A tutto questo si associa, anche, il difficile ruolo femminile attuale, che deve recuperare spazi e terreno fuori casa, ma che non vuole abbandonare la centralità del “fuoco domestico”. Ne consegue il rischio di tentare di diventare delle wonder woman che si accollano su di sé troppi impegni, in troppi campi, perché si è incapaci di dire di no alle persone più vicine.

Il consiglio della Travel Coach
Imparare l’assertività viaggiando: il Taroof iraniano
Il Taroof è un’espressione culturale tipicamente iraniana: una serie di norme non scritte che regolano l’interazione sociale e i comportamenti considerati “educati”.
L’ospitalità in Iran è sacra e all’ospite non si rifiuta nulla, anche quando non si ha nulla.
In questo modo nascono alcuni “trucchi” del Taroof, che possono però frastornare il viaggiatore che non ne ha conoscenza.
Secondo il Taroof (o Tarof), si instaura un particolare balletto: chi fa un’offerta, si aspetta che l’interlocutore la rifiuti, per ben tre volte.
Se dovete quindi pagare la corsa in taxi e chiedete il prezzo, il tassista probabilmente vi dirà che non vuole niente. Voi dovrete insistere per altre due volte, per poter conoscere il prezzo e pagare effettivamente (quindi questo non significa che in Iran potete andarvene senza pagare i tassisti!).
Allo stesso modo, chi vi invita a pranzo o a casa, lo farà tre volte e, se non desiderate dare seguito all’offerta, dovrete imparare a dire di no per tre volte per esprimere il vostro diniego…. Insomma la vostra assertività viene messa alla prova (anche se devo ammettere che è difficilissimo sottrarsi alla calda ospitalità dell’Iran).
Il Taroof nasce per consentire anche a chi non ha grandi risorse di “salvare la faccia” e di onorare il culto dell’ospitalità. Tutti si offriranno di invitarvi a pranzo o vorranno farvi un regalo (e insisteranno), ma sta all’intelligenza interculturale dell’interlocutore rifiutare per ben tre volte e “stare al gioco”.
In questo modo, anche se chi fa l’offerta non intendeva o non poteva davvero invitarvi, il suo dovere è stato fatto! … e ovviamente se va avanti a insistere per più di tre volte, siete liberi di accettare!
Conoscete altre usanze simili?

Davvero interessante e di grande ispirazione questo articolo! Io ho imparato a dire di no da pochi anni, prima lasciavo che tutti i pensieri e le preoccupazioni che hai espresso prendessero il sopravvento. Ma poi ho capito che non si poteva più andare avanti così.
Mi hai insegnato una cosa nuova, il Taroof iraniano! Che splendida usanza, molto interessante!

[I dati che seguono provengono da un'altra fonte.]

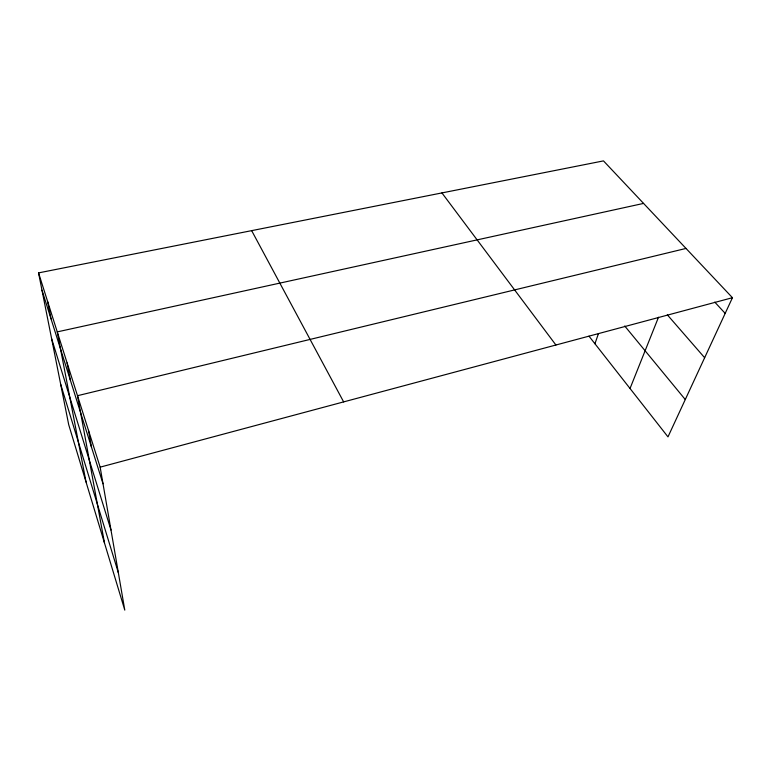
<?xml version="1.0" encoding="UTF-8"?>
<svg xmlns="http://www.w3.org/2000/svg" width="771" height="771" viewBox="0 0 771 771"><rect width="100%" height="100%" fill="white"/><g stroke="black" fill="none" stroke-linecap="round" stroke-linejoin="round"><path stroke-width="1.16" d="M594.942 343.75L598.421 333.708M630.032 388.488L658.511 317.228M38.55 272.895L100.153 467.149L124.786 610.112L68.715 424.725L38.55 272.895L603.481 160.888L732.45 297.702L667.985 436.878L589.005 336.185M100.153 467.149L732.45 297.702M686.007 248.435L77.495 395.706L104.499 543.015M643.563 203.409L57.256 331.887L86.044 482.02M714.765 302.107L725.183 313.392M667.368 314.857L704.646 357.725M624.722 325.998L685.274 399.551M441.928 192.923L555.91 345.013M251.664 230.645L343.644 401.893M41.981 290.166L103.025 483.783M51.638 338.748L110.995 530.053M60.687 384.305L118.349 572.757M47.657 301.606L51.021 318.847M67.096 362.919L70.315 380.036M88.501 430.391L91.498 447.228"/></g></svg>

Ciao Valentina, ti ringrazio!!
Il Taroof è un’usanza particolarissima… e io adoro conoscere usi e costumi lontani! Un bacio
Molto particolare l’usanza del Taroof, lo trovo estremamente diplomatico ed educato. Certo che bisogna saperlo altrimenti si rischia di essere dei gran maleducati. Quanto al saper dire di no, io mi ritrovo perfettamente nel ruolo, mi sembra sempre che se dico di no qualcuno possa rimanerci male e sono tutti talmente abituati a questa cosa che se per caso una volta lo dico, il mio no, passo per ingrata
Ti capisco, la stessa ansia di non “scontentare” gli altri.
wow la pratica del taroof mi mancava! Comunque si la nostra è una situazione dovuta dall’educazione principalmente. Io avevo mio padre che si offendeva quando gli dicevo di no o esprimevo un mio parere e non mi parlava per un pò. Per timore di questo, evito di dire no anche quando devo in tantissime situazioni della mia vita, e paradossalmente mi viene più facile viaggiare dall’altra parte del mondo, perché con persone che non conosco mi viene più facile essere me stessa.. non so se mi spiego…
Capisco benissimo! Adoro viaggiare da sola in luoghi lontani perché mai come in quelle occasioni, dove nessuno mi conosceva, mi sono sentita libera di essere me stessa, senza condizionamenti.